An independent journalist who survived a murder attempt in December has confronted President López Obrador, urging him not to forget about the dangers that media workers in Mexico face.
Wearing an eye patch and with surgical pins in his face, Paul Velázquez, a video blogger who denounces corruption on YouTube and Facebook, appeared at the president’s news conference on Wednesday to demand justice for journalists who have been attacked and murdered.
“President, they are killing us, don’t forget it please, they are killing us,” he said.
Velázquez was shot in the face on December 19 while walking to his studio in Los Mochis, Sinaloa. He told the news agency Reuters that the attack occurred after a close collaborator of the mayor of Ahome, of which Los Mochis is the municipal seat, threatened his life.
Security camera footage shows a man stepping out from behind a car and shooting Velázquez. Another video, apparently recorded on a cell phone by a bystander, shows the journalist walking unsteadily into a grocery store, where he receives assistance as his blood flows across the floor.
Velázquez spent more than three weeks in the hospital, where he was given a tracheotomy and fed through a tube. He was unable to speak for 16 days. Since leaving the hospital, he has been receiving protection from the federal government.
On Wednesday, the journalist accused Mayor Manuel Guillermo “Billie” Chapman of ordering the attack on his life.
“President, I want to remind you that investigative journalists are not trophies for corrupt rulers to hunt down,” Velázquez said. Journalists are being attacked for speaking out against the embezzling of public money, he added.
The journalist previously appeared at a López Obrador news conference in April 2019, at which he accused Chapman of corruption and sought the president’s help to remove him from office. In response to Velázquez’s latest accusation, the mayor said that he was unconcerned.
For his part, López Obrador assured the journalist that his government will bring peace to Mexico and ensure that there is no impunity for criminals, including those that perpetrate attacks on journalists.
“We’re going to pacify the country; this is the great challenge … Impunity has to end [including] in your particular case,” he said.
López Obrador previously pledged in December to review Velázquez’s case but there have been no arrests.

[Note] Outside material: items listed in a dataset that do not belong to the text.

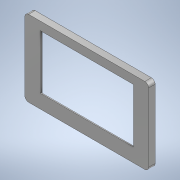
# Autodesk Inventor part: DisplayCover
Saved by Autodesk Inventor 2020 (Build 240168000, 168)
## iProperties
Created: 2021-05-02
Part Number: DisplayCover
Material: ABS Plastic
Document SubType Name: Modeling
Designer: 10300812
Density: 1.06 g/cm^3
Appearance: Anodized - Light Gray
Author: 10300812
Autodesk Inventor part; units mm, degrees
ref_plane "YZ Plane" through (0, 0, 0) normal (1, 0, 0) x (0, 1, 0)
ref_plane "XZ Plane" through (0, 0, 0) normal (0, 1, 0) x (-1, 0, 0)
ref_plane "XY Plane" through (0, 0, 0) normal (0, 0, 1) x (1, 0, 0)
sketch "Sketch1" plane through (0, 0, 0) normal (0, 0, 1) x (1, 0, 0)
  line L0 (-61, 40) -> (61, 40)
  line L1 (65, 36) -> (65, -36)
  line L2 (61, -40) -> (-61, -40)
  line L3 (-65, -36) -> (-65, 36)
  line L4 (-65, 40) -> (65, -40) construction
  line L5 (65, 40) -> (-65, -40) construction
  arc A0 (-61, 40) -> (-65, 36) centre (-61, 36) ccw
  arc A1 (-65, -36) -> (-61, -40) centre (-61, -36) ccw
  arc A2 (61, -40) -> (65, -36) centre (61, -36) ccw
  arc A3 (65, 36) -> (61, 40) centre (61, 36) ccw
  point P0 (0, 0)
  dimension "d0" = 130
  dimension "d1" = 80
  dimension "d2" = 4
  constraints: 12 end point, 8 point on circle, 8 point on line, 8 tangent, 4 centre point, 3 equal radius, 2 midpoint, 2 parallel, 1 horizontal, 1 perpendicular
  measures "d0" distance of L4.end L5.end
  measures "d1" distance of L5.start L4.end
  measures "d2" radius of A0
extrude "Extrusion1" add sketch "Sketch1" along normal blind 6.855
sketch "Sketch2" plane through (0, 0, 6.855) normal (0, 0, 1) x (1, 0, 0)
  line L0 (49.225, 31.315) -> (-48.825, 31.315) projected
  line L1 (-48.825, 31.315) -> (-48.825, -25.535) projected
  line L2 (-48.825, -25.535) -> (49.225, -25.535) projected
  line L3 (49.225, -25.535) -> (49.225, 31.315) projected
  point P0 (0, 0)
extrude "Extrusion2" cut sketch "Sketch2" against normal through all
sketch "Sketch3" plane through (0, 0, 0) normal (0, 0, -1) x (-1, 0, 0)
  line L0 (-52.95, -31.635) -> (-52.95, 31.69) projected
  line L1 (-51.025, 33.615) -> (50.55, 33.615) projected
  line L2 (50.55, 33.615) -> (50.747, 33.615) projected
  line L3 (50.747, 33.615) -> (51.1334, 33.5382) projected
  line L4 (51.1334, 33.5382) -> (51.4974, 33.3874) projected
  line L5 (51.4974, 33.3874) -> (51.8249, 33.1685) projected
  line L6 (51.8249, 33.1685) -> (52.1035, 32.8899) projected
  line L7 (52.1035, 32.8899) -> (52.3224, 32.5624) projected
  line L8 (52.3224, 32.5624) -> (52.4731, 32.1984) projected
  line L9 (52.4731, 32.1984) -> (52.55, 31.812) projected
  line L10 (52.55, 31.812) -> (52.55, 31.615) projected
  line L11 (52.55, 31.615) -> (52.55, -31.635) projected
  line L12 (52.55, -31.635) -> (52.55, -31.827) projected
  line L13 (52.55, -31.827) -> (52.4751, -32.2038) projected
  line L14 (52.4751, -32.2038) -> (52.3281, -32.5587) projected
  line L15 (52.3281, -32.5587) -> (52.1147, -32.878) projected
  line L16 (52.1147, -32.878) -> (51.843, -33.1497) projected
  line L17 (51.843, -33.1497) -> (51.5237, -33.3631) projected
  line L18 (51.5237, -33.3631) -> (51.1688, -33.5101) projected
  line L19 (51.1688, -33.5101) -> (50.7921, -33.585) projected
  line L20 (50.7921, -33.585) -> (50.6, -33.585) projected
  line L21 (50.6, -33.585) -> (-51, -33.585) projected
  line L22 (-52.95, -31.827) -> (-52.95, -31.635) projected
  line L23 (-52.8751, -32.2038) -> (-52.95, -31.827) projected
  line L24 (-52.7281, -32.5587) -> (-52.8751, -32.2038) projected
  line L25 (-52.5147, -32.878) -> (-52.7281, -32.5587) projected
  line L26 (-52.2431, -33.1497) -> (-52.5147, -32.878) projected
  line L27 (-51.9237, -33.3631) -> (-52.2431, -33.1497) projected
  line L28 (-51.5688, -33.5101) -> (-51.9237, -33.3631) projected
  line L29 (-51.1921, -33.585) -> (-51.5688, -33.5101) projected
  line L30 (-51, -33.585) -> (-51.1921, -33.585) projected
  line L31 (-51.2146, 33.615) -> (-51.025, 33.615) projected
  line L32 (-51.5865, 33.541) -> (-51.2146, 33.615) projected
  line L33 (-51.9368, 33.3959) -> (-51.5865, 33.541) projected
  line L34 (-52.2521, 33.1853) -> (-51.9368, 33.3959) projected
  line L35 (-52.5203, 32.9171) -> (-52.2521, 33.1853) projected
  line L36 (-52.7309, 32.6018) -> (-52.5203, 32.9171) projected
  line L37 (-52.876, 32.2515) -> (-52.7309, 32.6018) projected
  line L38 (-52.95, 31.8796) -> (-52.876, 32.2515) projected
  line L39 (-52.95, 31.69) -> (-52.95, 31.8796) projected
  line L40 (50.55, 34.615) -> (-51.025, 34.615)
  line L41 (-51.025, 34.615) -> (-51.3131, 34.615)
  line L42 (-51.3131, 34.615) -> (-51.8782, 34.5026)
  line L43 (-51.8782, 34.5026) -> (-52.4105, 34.2821)
  line L44 (-52.4105, 34.2821) -> (-52.8896, 33.962)
  line L45 (-52.8896, 33.962) -> (-53.297, 33.5546)
  line L46 (-53.297, 33.5546) -> (-53.6171, 33.0755)
  line L47 (-53.6171, 33.0755) -> (-53.8376, 32.5432)
  line L48 (-53.8376, 32.5432) -> (-53.95, 31.9781)
  line L49 (-53.95, 31.9781) -> (-53.95, 31.69)
  line L50 (-53.95, 31.69) -> (-53.95, -31.635)
  line L51 (-53.95, -31.635) -> (-53.95, -31.9255)
  line L52 (-53.95, -31.9255) -> (-53.8366, -32.4955)
  line L53 (-53.8366, -32.4955) -> (-53.6143, -33.0323)
  line L54 (-53.6143, -33.0323) -> (-53.2914, -33.5155)
  line L55 (-53.2914, -33.5155) -> (-52.8805, -33.9264)
  line L56 (-52.8805, -33.9264) -> (-52.3974, -34.2492)
  line L57 (-52.3974, -34.2492) -> (-51.8605, -34.4716)
  line L58 (-51.8605, -34.4716) -> (-51.2906, -34.585)
  line L59 (-51.2906, -34.585) -> (-51, -34.585)
  line L60 (-51, -34.585) -> (50.6, -34.585)
  line L61 (50.6, -34.585) -> (50.8905, -34.585)
  line L62 (50.8905, -34.585) -> (51.4605, -34.4716)
  line L63 (51.4605, -34.4716) -> (51.9973, -34.2492)
  line L64 (51.9973, -34.2492) -> (52.4805, -33.9264)
  line L65 (52.4805, -33.9264) -> (52.8914, -33.5155)
  line L66 (52.8914, -33.5155) -> (53.2143, -33.0323)
  line L67 (53.2143, -33.0323) -> (53.4366, -32.4955)
  line L68 (53.4366, -32.4955) -> (53.55, -31.9255)
  line L69 (53.55, -31.9255) -> (53.55, -31.635)
  line L70 (53.55, -31.635) -> (53.55, 31.615)
  line L71 (53.55, 31.615) -> (53.55, 31.9105)
  line L72 (53.55, 31.9105) -> (53.4347, 32.4901)
  line L73 (53.4347, 32.4901) -> (53.2086, 33.036)
  line L74 (53.2086, 33.036) -> (52.8803, 33.5274)
  line L75 (52.8803, 33.5274) -> (52.4624, 33.9453)
  line L76 (52.4624, 33.9453) -> (51.971, 34.2736)
  line L77 (51.971, 34.2736) -> (51.4251, 34.4997)
  line L78 (51.4251, 34.4997) -> (50.8455, 34.615)
  line L79 (50.8455, 34.615) -> (50.55, 34.615)
  point P0 (0, 0)
  dimension "d7" = 1
  constraints: 80 end point, 39 other
  measures "d7" distance between parallel lines of L1 L40
extrude "Extrusion3" cut sketch "Sketch3" against normal blind 5.855 contours L0 L39 L38 L37 L36 L35 L34 L33 L32 L31 L1 L2 L3 L4 L5 L6 L7 L8 L9 L10 L11 L12 L13 L14 L15 L16 L17 L18 L19 L20 L21 L30 L29 L28 L27 L26 L25 L24 L23 L22 | L79 L78 L77 L76 L75 L74 L73 L72 L71 L70 L69 L68 L67 L66 L65 L64 L63 L62 L61 L60 L59 L58 L57 L56 L55 L54 L53 L52 L51 L50 L49 L48 L47 L46 L45 L44 L43 L42 L41 L40
sketch "Sketch4" plane through (0, 0, 0) normal (0, 0, -1) x (-1, 0, 0)
  line L0 (-58.1378, 13.8535) -> (-62.7167, 13.8535)
  line L1 (-62.7167, 13.8535) -> (-62.7167, 7.4621)
  line L2 (-62.7167, 7.4621) -> (-58.1378, 7.4621)
  line L3 (-58.1378, 7.4621) -> (-58.1378, 13.8535)
  line L4 (-58.1378, 13.8535) -> (-62.7167, 7.4621) construction
  line L5 (-62.7167, 13.8535) -> (-58.1378, 7.4621) construction
  line L6 (-57.8993, -7.1808) -> (-62.9552, -7.1808)
  line L7 (-62.9552, -7.1808) -> (-62.9552, -13.763)
  line L8 (-62.9552, -13.763) -> (-57.8993, -13.763)
  line L9 (-57.8993, -13.763) -> (-57.8993, -7.1808)
  line L10 (-57.8993, -7.1808) -> (-62.9552, -13.763) construction
  line L11 (-62.9552, -7.1808) -> (-57.8993, -13.763) construction
  point P0 (0, 0)
  point P1 (-60.4272, 10.6578)
  point P2 (-60.4272, -10.4719)
  constraints: 24 end point, 4 midpoint, 4 parallel, 2 horizontal, 2 perpendicular
extrude "Extrusion4" cut sketch "Sketch4" against normal blind 3
sketch "Sketch5" plane through (0, 0, 0) normal (0, 0, -1) x (-1, 0, 0)
  circle A0 centre (61, 36) radius 1.625 projected
  circle A1 centre (61, -36) radius 1.625 projected
  circle A2 centre (-61, -36) radius 1.625 projected
  circle A3 centre (-61, 36) radius 1.625 projected
  point P0 (0, 0)
  constraints: 4 coincident
hole "Hole1" at (61, 36, 0) at (61, -36, 0) at (-61, 36, 0) at (-61, -36, 0) direction (0, 0, 1) diameter 2.459 depth 5.5 thread size "M3x0.5" class "6H" standard "ANSI Metric M Profile"
sketch "Sketch6" plane through (0, 0, 0) normal (0, 0, -1) x (-1, 0, 0)
  line L0 (50.8905, -34.585) -> (-51.2906, -34.585) projected
  line L1 (-51.2906, -34.585) -> (-0.2, -34.585)
  line L2 (-0.2, -34.585) -> (-0.2, -36.585)
  line L3 (-0.2, -36.585) -> (-51.2906, -36.585)
  line L4 (-51.2906, -36.585) -> (-51.2906, -34.585)
  point P0 (0, 0)
  dimension "d19" = 2
  constraints: 8 end point, 2 parallel, 1 horizontal, 1 perpendicular
  measures "d19" distance of L3.end L0.end
extrude "Extrusion5" cut sketch "Sketch6" against normal up to surface (5.855 mm away)
fillet "Fillet1" radius 2 2 edges at (0.2, -34.585, 2.9275) (51.2906, -34.585, 2.9275)
body "Solid1"

Julio César Colin, a spokesman for the press freedom advocacy organization Article 19, said that the attack on the journalist was clearly related to his work and should be investigated by the special prosecutor for crimes against freedom of expression.
Mexico is considered the second most dangerous country in the world for journalists, after Syria. A total of 131 journalists have been killed since 2000, according to Article 19, including 11 since López Obrador took office in December 2018.
The president has been accused of contributing to a culture of violence against journalists by launching scathing verbal attacks on reporters and news outlets that are critical of his government.
After López Obrador criticized a story published by the Mexico City-based newspaper Reforma in April last year, the paper’s editor received death threats and was a victim of harassment.
Article 19 said at the time that the president’s “stigmatizing discourse [against the media] . . . has a direct impact in terms of the … risk it can generate for the work of the press because [his remarks] permeate the discourse of the rest of society and can even generate attacks.”